Do you know what “Exchange-Value” represents?

An attempt of pushing some amount of subjectivity into his value theory, but still in a way that keeps it objective and still fails to predict trade.

[–] Cowbee@lemmy.ml 1 points 1 year ago* (last edited 1 year ago)

Exchange-Value isn't subjective.

Can you answer my main question, where did you invent the idea that the LTV doesn't believe trade exists? This is PragerU level, try harder please.

[–] yogthos@lemmy.ml 1 points 1 year ago

It certainly holds up better than whatever nonsense western economists peddle.

[–] yogthos@lemmy.ml 1 points 1 year ago

You should let China know ASAP 🤣

[–] Simmy@lemmygrad.ml 0 points 1 year ago (1 children)

I think I get it, so social science is like theoretical physics?

[–] happybadger@hexbear.net 1 points 1 year ago (1 children)

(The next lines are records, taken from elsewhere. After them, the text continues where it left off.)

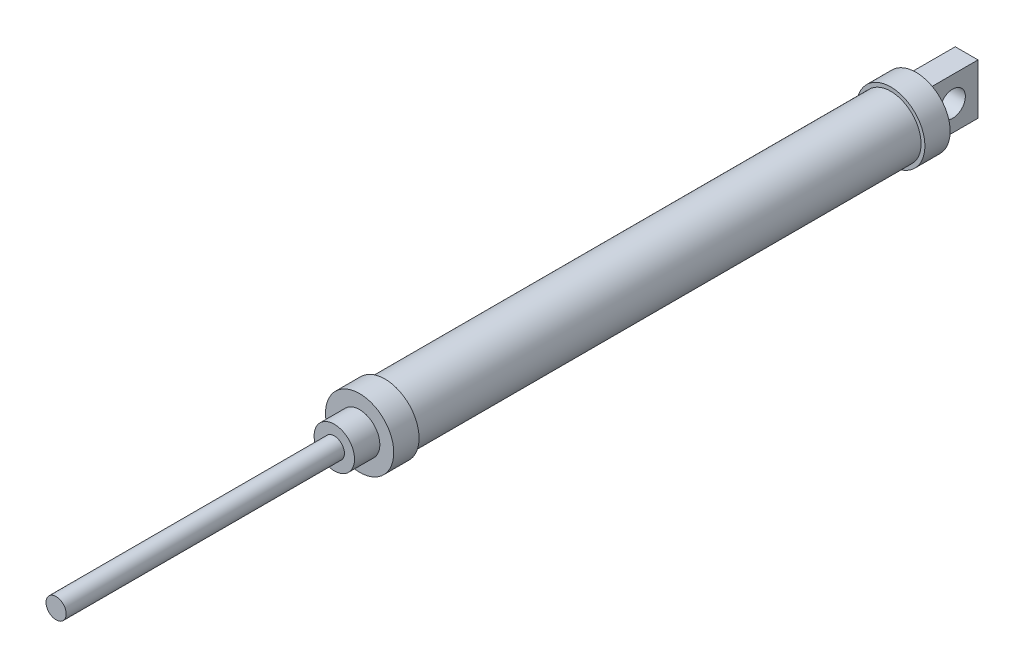
ISO-10303-21;
HEADER;
FILE_DESCRIPTION(('STEP AP214'),'2;1');
FILE_NAME('part.step','',(''),(''),'','','');
FILE_SCHEMA(('AUTOMOTIVE_DESIGN { 1 0 10303 214 1 1 1 1 }'));
ENDSEC;
DATA;
#1=APPLICATION_CONTEXT('core data for automotive mechanical design processes');
#2=APPLICATION_PROTOCOL_DEFINITION('international standard','automotive_design',2000,#1);
#3=PRODUCT_CONTEXT('',#1,'mechanical');
#4=PRODUCT('Part','Part','',(#3));
#5=PRODUCT_RELATED_PRODUCT_CATEGORY('part','',(#4));
#6=PRODUCT_DEFINITION_FORMATION('','',#4);
#7=PRODUCT_DEFINITION_CONTEXT('part definition',#1,'design');
#8=PRODUCT_DEFINITION('design','',#6,#7);
#9=PRODUCT_DEFINITION_SHAPE('','',#8);
#10=(LENGTH_UNIT() NAMED_UNIT(*) SI_UNIT(.MILLI.,.METRE.));
#11=(NAMED_UNIT(*) PLANE_ANGLE_UNIT() SI_UNIT($,.RADIAN.));
#12=(NAMED_UNIT(*) SI_UNIT($,.STERADIAN.) SOLID_ANGLE_UNIT());
#13=UNCERTAINTY_MEASURE_WITH_UNIT(LENGTH_MEASURE(1.E-05),#10,'distance_accuracy_value','');
#14=(GEOMETRIC_REPRESENTATION_CONTEXT(3) GLOBAL_UNCERTAINTY_ASSIGNED_CONTEXT((#13)) GLOBAL_UNIT_ASSIGNED_CONTEXT((#10,
#11,#12)) REPRESENTATION_CONTEXT('',''));
#15=CARTESIAN_POINT('',(0.,0.,0.));
#16=DIRECTION('',(0.,0.,1.));
#17=DIRECTION('',(1.,0.,0.));
#18=AXIS2_PLACEMENT_3D('',#15,#16,#17);
#19=CARTESIAN_POINT('',(0.,0.,10.));
#20=DIRECTION('',(0.,0.,-1.));
#21=DIRECTION('',(-1.,0.,0.));
#22=AXIS2_PLACEMENT_3D('',#19,#20,#21);
#23=CYLINDRICAL_SURFACE('',#22,13.5);
#24=CARTESIAN_POINT('',(0.,0.,10.));
#25=DIRECTION('',(0.,0.,1.));
#26=DIRECTION('',(1.,0.,0.));
#27=AXIS2_PLACEMENT_3D('',#24,#25,#26);
#28=CIRCLE('',#27,13.5);
#29=CARTESIAN_POINT('',(13.5,0.,10.));
#30=VERTEX_POINT('',#29);
#31=EDGE_CURVE('E120',#30,#30,#28,.T.);
#32=ORIENTED_EDGE('',*,*,#31,.F.);
#33=EDGE_LOOP('',(#32));
#34=FACE_BOUND('',#33,.T.);
#35=CARTESIAN_POINT('',(0.,0.,0.));
#36=DIRECTION('',(0.,0.,1.));
#37=DIRECTION('',(1.,0.,0.));
#38=AXIS2_PLACEMENT_3D('',#35,#36,#37);
#39=CIRCLE('',#38,13.5);
#40=CARTESIAN_POINT('',(13.5,0.,0.));
#41=VERTEX_POINT('',#40);
#42=EDGE_CURVE('E117',#41,#41,#39,.T.);
#43=ORIENTED_EDGE('',*,*,#42,.T.);
#44=EDGE_LOOP('',(#43));
#45=FACE_BOUND('',#44,.T.);
#46=ADVANCED_FACE('F35',(#34,#45),#23,.T.);
#47=CARTESIAN_POINT('',(0.,0.,10.));
#48=DIRECTION('',(0.,0.,1.));
#49=DIRECTION('',(1.,0.,0.));
#50=AXIS2_PLACEMENT_3D('',#47,#48,#49);
#51=PLANE('',#50);
#52=CARTESIAN_POINT('',(0.,0.,10.));
#53=DIRECTION('',(0.,0.,1.));
#54=DIRECTION('',(1.,0.,0.));
#55=AXIS2_PLACEMENT_3D('',#52,#53,#54);
#56=CIRCLE('',#55,8.);
#57=CARTESIAN_POINT('',(8.,0.,10.));
#58=VERTEX_POINT('',#57);
#59=EDGE_CURVE('E114',#58,#58,#56,.T.);
#60=ORIENTED_EDGE('',*,*,#59,.F.);
#61=EDGE_LOOP('',(#60));
#62=FACE_BOUND('',#61,.T.);
#63=ORIENTED_EDGE('',*,*,#31,.T.);
#64=EDGE_LOOP('',(#63));
#65=FACE_BOUND('',#64,.T.);
#66=ADVANCED_FACE('F129',(#62,#65),#51,.T.);
#67=CARTESIAN_POINT('',(0.,0.,0.));
#68=DIRECTION('',(0.,0.,1.));
#69=DIRECTION('',(1.,0.,0.));
#70=AXIS2_PLACEMENT_3D('',#67,#68,#69);
#71=PLANE('',#70);
#72=CARTESIAN_POINT('',(0.,0.,0.));
#73=DIRECTION('',(0.,0.,-1.));
#74=DIRECTION('',(-1.,0.,0.));
#75=AXIS2_PLACEMENT_3D('',#72,#73,#74);
#76=CIRCLE('',#75,12.);
#77=CARTESIAN_POINT('',(-12.,0.,0.));
#78=VERTEX_POINT('',#77);
#79=EDGE_CURVE('E43',#78,#78,#76,.T.);
#80=ORIENTED_EDGE('',*,*,#79,.F.);
#81=EDGE_LOOP('',(#80));
#82=FACE_BOUND('',#81,.T.);
#83=ORIENTED_EDGE('',*,*,#42,.F.);
#84=EDGE_LOOP('',(#83));
#85=FACE_BOUND('',#84,.T.);
#86=ADVANCED_FACE('F126',(#82,#85),#71,.F.);
#87=CARTESIAN_POINT('',(0.,0.,20.));
#88=DIRECTION('',(0.,0.,-1.));
#89=DIRECTION('',(-1.,0.,0.));
#90=AXIS2_PLACEMENT_3D('',#87,#88,#89);
#91=CYLINDRICAL_SURFACE('',#90,8.);
#92=CARTESIAN_POINT('',(0.,0.,20.));
#93=DIRECTION('',(0.,0.,1.));
#94=DIRECTION('',(1.,0.,0.));
#95=AXIS2_PLACEMENT_3D('',#92,#93,#94);
#96=CIRCLE('',#95,8.);
#97=CARTESIAN_POINT('',(8.,0.,20.));
#98=VERTEX_POINT('',#97);
#99=EDGE_CURVE('E111',#98,#98,#96,.T.);
#100=ORIENTED_EDGE('',*,*,#99,.F.);
#101=EDGE_LOOP('',(#100));
#102=FACE_BOUND('',#101,.T.);
#103=ORIENTED_EDGE('',*,*,#59,.T.);
#104=EDGE_LOOP('',(#103));
#105=FACE_BOUND('',#104,.T.);
#106=ADVANCED_FACE('F128',(#102,#105),#91,.T.);
#107=CARTESIAN_POINT('',(0.,0.,20.));
#108=DIRECTION('',(0.,0.,1.));
#109=DIRECTION('',(1.,0.,0.));
#110=AXIS2_PLACEMENT_3D('',#107,#108,#109);
#111=PLANE('',#110);
#112=CARTESIAN_POINT('',(0.,0.,20.));
#113=DIRECTION('',(0.,0.,1.));
#114=DIRECTION('',(1.,0.,0.));
#115=AXIS2_PLACEMENT_3D('',#112,#113,#114);
#116=CIRCLE('',#115,4.);
#117=CARTESIAN_POINT('',(4.,0.,20.));
#118=VERTEX_POINT('',#117);
#119=EDGE_CURVE('E11',#118,#118,#116,.T.);
#120=ORIENTED_EDGE('',*,*,#119,.F.);
#121=EDGE_LOOP('',(#120));
#122=FACE_BOUND('',#121,.T.);
#123=ORIENTED_EDGE('',*,*,#99,.T.);
#124=EDGE_LOOP('',(#123));
#125=FACE_BOUND('',#124,.T.);
#126=ADVANCED_FACE('F135',(#122,#125),#111,.T.);
#127=CARTESIAN_POINT('',(0.,0.,-200.));
#128=DIRECTION('',(0.,0.,1.));
#129=DIRECTION('',(1.,0.,0.));
#130=AXIS2_PLACEMENT_3D('',#127,#128,#129);
#131=CYLINDRICAL_SURFACE('',#130,12.);
#132=CARTESIAN_POINT('',(0.,0.,-200.));
#133=DIRECTION('',(0.,0.,-1.));
#134=DIRECTION('',(-1.,0.,0.));
#135=AXIS2_PLACEMENT_3D('',#132,#133,#134);
#136=CIRCLE('',#135,12.);
#137=CARTESIAN_POINT('',(-12.,0.,-200.));
#138=VERTEX_POINT('',#137);
#139=EDGE_CURVE('E107',#138,#138,#136,.T.);
#140=ORIENTED_EDGE('',*,*,#139,.F.);
#141=EDGE_LOOP('',(#140));
#142=FACE_BOUND('',#141,.T.);
#143=ORIENTED_EDGE('',*,*,#79,.T.);
#144=EDGE_LOOP('',(#143));
#145=FACE_BOUND('',#144,.T.);
#146=ADVANCED_FACE('F168',(#142,#145),#131,.T.);
#147=CARTESIAN_POINT('',(0.,0.,-210.));
#148=DIRECTION('',(0.,0.,1.));
#149=DIRECTION('',(1.,0.,0.));
#150=AXIS2_PLACEMENT_3D('',#147,#148,#149);
#151=CYLINDRICAL_SURFACE('',#150,13.5);
#152=CARTESIAN_POINT('',(0.,0.,-210.));
#153=DIRECTION('',(0.,0.,-1.));
#154=DIRECTION('',(-1.,0.,0.));
#155=AXIS2_PLACEMENT_3D('',#152,#153,#154);
#156=CIRCLE('',#155,13.5);
#157=CARTESIAN_POINT('',(-13.5,0.,-210.));
#158=VERTEX_POINT('',#157);
#159=EDGE_CURVE('E100',#158,#158,#156,.T.);
#160=ORIENTED_EDGE('',*,*,#159,.F.);
#161=EDGE_LOOP('',(#160));
#162=FACE_BOUND('',#161,.T.);
#163=CARTESIAN_POINT('',(0.,0.,-200.));
#164=DIRECTION('',(0.,0.,-1.));
#165=DIRECTION('',(-1.,0.,0.));
#166=AXIS2_PLACEMENT_3D('',#163,#164,#165);
#167=CIRCLE('',#166,13.5);
#168=CARTESIAN_POINT('',(-13.5,0.,-200.));
#169=VERTEX_POINT('',#168);
#170=EDGE_CURVE('E97',#169,#169,#167,.T.);
#171=ORIENTED_EDGE('',*,*,#170,.T.);
#172=EDGE_LOOP('',(#171));
#173=FACE_BOUND('',#172,.T.);
#174=ADVANCED_FACE('F173',(#162,#173),#151,.T.);
#175=CARTESIAN_POINT('',(0.,0.,-210.));
#176=DIRECTION('',(0.,0.,-1.));
#177=DIRECTION('',(-1.,0.,0.));
#178=AXIS2_PLACEMENT_3D('',#175,#176,#177);
#179=PLANE('',#178);
#180=DIRECTION('',(0.,-1.,0.));
#181=VECTOR('',#180,1.);
#182=CARTESIAN_POINT('',(4.5,-10.,-210.));
#183=LINE('',#182,#181);
#184=CARTESIAN_POINT('',(4.5,10.,-210.));
#185=VERTEX_POINT('',#184);
#186=CARTESIAN_POINT('',(4.5,-10.,-210.));
#187=VERTEX_POINT('',#186);
#188=EDGE_CURVE('E51',#185,#187,#183,.T.);
#189=ORIENTED_EDGE('',*,*,#188,.F.);
#190=DIRECTION('',(1.,0.,0.));
#191=VECTOR('',#190,1.);
#192=CARTESIAN_POINT('',(-4.5,10.,-210.));
#193=LINE('',#192,#191);
#194=CARTESIAN_POINT('',(-4.5,10.,-210.));
#195=VERTEX_POINT('',#194);
#196=EDGE_CURVE('E55',#195,#185,#193,.T.);
#197=ORIENTED_EDGE('',*,*,#196,.F.);
#198=DIRECTION('',(0.,1.,0.));
#199=VECTOR('',#198,1.);
#200=CARTESIAN_POINT('',(-4.5,-10.,-210.));
#201=LINE('',#200,#199);
#202=CARTESIAN_POINT('',(-4.5,-10.,-210.));
#203=VERTEX_POINT('',#202);
#204=EDGE_CURVE('E302',#203,#195,#201,.T.);
#205=ORIENTED_EDGE('',*,*,#204,.F.);
#206=DIRECTION('',(-1.,0.,0.));
#207=VECTOR('',#206,1.);
#208=CARTESIAN_POINT('',(-4.5,-10.,-210.));
#209=LINE('',#208,#207);
#210=EDGE_CURVE('E300',#187,#203,#209,.T.);
#211=ORIENTED_EDGE('',*,*,#210,.F.);
#212=EDGE_LOOP('',(#189,#197,#205,#211));
#213=FACE_BOUND('',#212,.T.);
#214=ORIENTED_EDGE('',*,*,#159,.T.);
#215=EDGE_LOOP('',(#214));
#216=FACE_BOUND('',#215,.T.);
#217=ADVANCED_FACE('F183',(#213,#216),#179,.T.);
#218=CARTESIAN_POINT('',(0.,0.,-200.));
#219=DIRECTION('',(0.,0.,-1.));
#220=DIRECTION('',(-1.,0.,0.));
#221=AXIS2_PLACEMENT_3D('',#218,#219,#220);
#222=PLANE('',#221);
#223=ORIENTED_EDGE('',*,*,#139,.T.);
#224=EDGE_LOOP('',(#223));
#225=FACE_BOUND('',#224,.T.);
#226=ORIENTED_EDGE('',*,*,#170,.F.);
#227=EDGE_LOOP('',(#226));
#228=FACE_BOUND('',#227,.T.);
#229=ADVANCED_FACE('F191',(#225,#228),#222,.F.);
#230=CARTESIAN_POINT('',(4.5,-10.,-230.));
#231=DIRECTION('',(-1.,0.,0.));
#232=DIRECTION('',(0.,-1.,0.));
#233=AXIS2_PLACEMENT_3D('',#230,#231,#232);
#234=PLANE('',#233);
#235=CARTESIAN_POINT('',(4.5,0.,-220.));
#236=DIRECTION('',(1.,0.,0.));
#237=DIRECTION('',(0.,1.,0.));
#238=AXIS2_PLACEMENT_3D('',#235,#236,#237);
#239=CIRCLE('',#238,4.99999999999999);
#240=CARTESIAN_POINT('',(4.5,4.99999999999999,-220.));
#241=VERTEX_POINT('',#240);
#242=EDGE_CURVE('E291',#241,#241,#239,.T.);
#243=ORIENTED_EDGE('',*,*,#242,.F.);
#244=EDGE_LOOP('',(#243));
#245=FACE_BOUND('',#244,.T.);
#246=ORIENTED_EDGE('',*,*,#188,.T.);
#247=DIRECTION('',(0.,0.,1.));
#248=VECTOR('',#247,1.);
#249=CARTESIAN_POINT('',(4.5,-10.,-230.));
#250=LINE('',#249,#248);
#251=CARTESIAN_POINT('',(4.5,-10.,-230.));
#252=VERTEX_POINT('',#251);
#253=EDGE_CURVE('E80',#252,#187,#250,.T.);
#254=ORIENTED_EDGE('',*,*,#253,.F.);
#255=DIRECTION('',(0.,-1.,0.));
#256=VECTOR('',#255,1.);
#257=CARTESIAN_POINT('',(4.5,-10.,-230.));
#258=LINE('',#257,#256);
#259=CARTESIAN_POINT('',(4.5,10.,-230.));
#260=VERTEX_POINT('',#259);
#261=EDGE_CURVE('E86',#260,#252,#258,.T.);
#262=ORIENTED_EDGE('',*,*,#261,.F.);
#263=DIRECTION('',(0.,0.,1.));
#264=VECTOR('',#263,1.);
#265=CARTESIAN_POINT('',(4.5,10.,-230.));
#266=LINE('',#265,#264);
#267=EDGE_CURVE('E298',#260,#185,#266,.T.);
#268=ORIENTED_EDGE('',*,*,#267,.T.);
#269=EDGE_LOOP('',(#246,#254,#262,#268));
#270=FACE_BOUND('',#269,.T.);
#271=ADVANCED_FACE('F96',(#245,#270),#234,.F.);
#272=CARTESIAN_POINT('',(-4.5,-10.,-230.));
#273=DIRECTION('',(0.,1.,0.));
#274=DIRECTION('',(-1.,0.,0.));
#275=AXIS2_PLACEMENT_3D('',#272,#273,#274);
#276=PLANE('',#275);
#277=ORIENTED_EDGE('',*,*,#210,.T.);
#278=DIRECTION('',(0.,0.,1.));
#279=VECTOR('',#278,1.);
#280=CARTESIAN_POINT('',(-4.5,-10.,-230.));
#281=LINE('',#280,#279);
#282=CARTESIAN_POINT('',(-4.5,-10.,-230.));
#283=VERTEX_POINT('',#282);
#284=EDGE_CURVE('E82',#283,#203,#281,.T.);
#285=ORIENTED_EDGE('',*,*,#284,.F.);
#286=DIRECTION('',(-1.,0.,0.));
#287=VECTOR('',#286,1.);
#288=CARTESIAN_POINT('',(-4.5,-10.,-230.));
#289=LINE('',#288,#287);
#290=EDGE_CURVE('E75',#252,#283,#289,.T.);
#291=ORIENTED_EDGE('',*,*,#290,.F.);
#292=ORIENTED_EDGE('',*,*,#253,.T.);
#293=EDGE_LOOP('',(#277,#285,#291,#292));
#294=FACE_BOUND('',#293,.T.);
#295=ADVANCED_FACE('F78',(#294),#276,.F.);
#296=CARTESIAN_POINT('',(-4.5,-10.,-230.));
#297=DIRECTION('',(1.,0.,0.));
#298=DIRECTION('',(0.,0.,-1.));
#299=AXIS2_PLACEMENT_3D('',#296,#297,#298);
#300=PLANE('',#299);
#301=CARTESIAN_POINT('',(-4.5,0.,-220.));
#302=DIRECTION('',(1.,0.,0.));
#303=DIRECTION('',(0.,0.,-1.));
#304=AXIS2_PLACEMENT_3D('',#301,#302,#303);
#305=CIRCLE('',#304,4.99999999999999);
#306=CARTESIAN_POINT('',(-4.5,0.,-225.));
#307=VERTEX_POINT('',#306);
#308=EDGE_CURVE('E38',#307,#307,#305,.T.);
#309=ORIENTED_EDGE('',*,*,#308,.T.);
#310=EDGE_LOOP('',(#309));
#311=FACE_BOUND('',#310,.T.);
#312=ORIENTED_EDGE('',*,*,#204,.T.);
#313=DIRECTION('',(0.,0.,1.));
#314=VECTOR('',#313,1.);
#315=CARTESIAN_POINT('',(-4.5,10.,-230.));
#316=LINE('',#315,#314);
#317=CARTESIAN_POINT('',(-4.5,10.,-230.));
#318=VERTEX_POINT('',#317);
#319=EDGE_CURVE('E102',#318,#195,#316,.T.);
#320=ORIENTED_EDGE('',*,*,#319,.F.);
#321=DIRECTION('',(0.,1.,0.));
#322=VECTOR('',#321,1.);
#323=CARTESIAN_POINT('',(-4.5,-10.,-230.));
#324=LINE('',#323,#322);
#325=EDGE_CURVE('E85',#283,#318,#324,.T.);
#326=ORIENTED_EDGE('',*,*,#325,.F.);
#327=ORIENTED_EDGE('',*,*,#284,.T.);
#328=EDGE_LOOP('',(#312,#320,#326,#327));
#329=FACE_BOUND('',#328,.T.);
#330=ADVANCED_FACE('F213',(#311,#329),#300,.F.);
#331=CARTESIAN_POINT('',(-4.5,10.,-230.));
#332=DIRECTION('',(0.,-1.,0.));
#333=DIRECTION('',(0.,0.,-1.));
#334=AXIS2_PLACEMENT_3D('',#331,#332,#333);
#335=PLANE('',#334);
#336=ORIENTED_EDGE('',*,*,#196,.T.);
#337=ORIENTED_EDGE('',*,*,#267,.F.);
#338=DIRECTION('',(1.,0.,0.));
#339=VECTOR('',#338,1.);
#340=CARTESIAN_POINT('',(-4.5,10.,-230.));
#341=LINE('',#340,#339);
#342=EDGE_CURVE('E91',#318,#260,#341,.T.);
#343=ORIENTED_EDGE('',*,*,#342,.F.);
#344=ORIENTED_EDGE('',*,*,#319,.T.);
#345=EDGE_LOOP('',(#336,#337,#343,#344));
#346=FACE_BOUND('',#345,.T.);
#347=ADVANCED_FACE('F220',(#346),#335,.F.);
#348=CARTESIAN_POINT('',(0.,0.,-230.));
#349=DIRECTION('',(0.,0.,-1.));
#350=DIRECTION('',(-1.,0.,0.));
#351=AXIS2_PLACEMENT_3D('',#348,#349,#350);
#352=PLANE('',#351);
#353=ORIENTED_EDGE('',*,*,#261,.T.);
#354=ORIENTED_EDGE('',*,*,#290,.T.);
#355=ORIENTED_EDGE('',*,*,#325,.T.);
#356=ORIENTED_EDGE('',*,*,#342,.T.);
#357=EDGE_LOOP('',(#353,#354,#355,#356));
#358=FACE_BOUND('',#357,.T.);
#359=ADVANCED_FACE('F89',(#358),#352,.T.);
#360=CARTESIAN_POINT('',(-15.5,0.,-220.));
#361=DIRECTION('',(1.,0.,0.));
#362=DIRECTION('',(0.,1.,0.));
#363=AXIS2_PLACEMENT_3D('',#360,#361,#362);
#364=CYLINDRICAL_SURFACE('',#363,4.99999999999999);
#365=ORIENTED_EDGE('',*,*,#242,.T.);
#366=EDGE_LOOP('',(#365));
#367=FACE_BOUND('',#366,.T.);
#368=ORIENTED_EDGE('',*,*,#308,.F.);
#369=EDGE_LOOP('',(#368));
#370=FACE_BOUND('',#369,.T.);
#371=ADVANCED_FACE('F234',(#367,#370),#364,.F.);
#372=CARTESIAN_POINT('',(0.,0.,130.));
#373=DIRECTION('',(0.,0.,-1.));
#374=DIRECTION('',(-1.,0.,0.));
#375=AXIS2_PLACEMENT_3D('',#372,#373,#374);
#376=CYLINDRICAL_SURFACE('',#375,4.);
#377=CARTESIAN_POINT('',(0.,0.,130.));
#378=DIRECTION('',(0.,0.,1.));
#379=DIRECTION('',(1.,0.,0.));
#380=AXIS2_PLACEMENT_3D('',#377,#378,#379);
#381=CIRCLE('',#380,4.);
#382=CARTESIAN_POINT('',(4.,0.,130.));
#383=VERTEX_POINT('',#382);
#384=EDGE_CURVE('E290',#383,#383,#381,.T.);
#385=ORIENTED_EDGE('',*,*,#384,.F.);
#386=EDGE_LOOP('',(#385));
#387=FACE_BOUND('',#386,.T.);
#388=ORIENTED_EDGE('',*,*,#119,.T.);
#389=EDGE_LOOP('',(#388));
#390=FACE_BOUND('',#389,.T.);
#391=ADVANCED_FACE('F257',(#387,#390),#376,.T.);
#392=CARTESIAN_POINT('',(0.,0.,130.));
#393=DIRECTION('',(0.,0.,1.));
#394=DIRECTION('',(1.,0.,0.));
#395=AXIS2_PLACEMENT_3D('',#392,#393,#394);
#396=PLANE('',#395);
#397=ORIENTED_EDGE('',*,*,#384,.T.);
#398=EDGE_LOOP('',(#397));
#399=FACE_BOUND('',#398,.T.);
#400=ADVANCED_FACE('F274',(#399),#396,.T.);
#401=CLOSED_SHELL('',(#46,#66,#86,#106,#126,#146,#174,#217,#229,#271,#295,#330,#347,#359,#371,
#391,#400));
#402=MANIFOLD_SOLID_BREP('B2',#401);
#403=ADVANCED_BREP_SHAPE_REPRESENTATION('',(#18,#402),#14);
#404=SHAPE_DEFINITION_REPRESENTATION(#9,#403);
ENDSEC;
END-ISO-10303-21;

In Marxism, the base (material/economic conditions) is what the superstructure (social/cultural/political conditions) is generated by. Societies organise themselves around the resources available and the division of labour required to utilise them. Marxism's social observations are all rooted in that mediation of the material environment.

[–] AntiOutsideAktion@lemmy.ml 1 points 1 year ago

Just to add onto this for completeness's sake: the superstructure is created by the base and also the remaining superstructure left over from the previous base. And don't forget the dialectic between base and superstructure!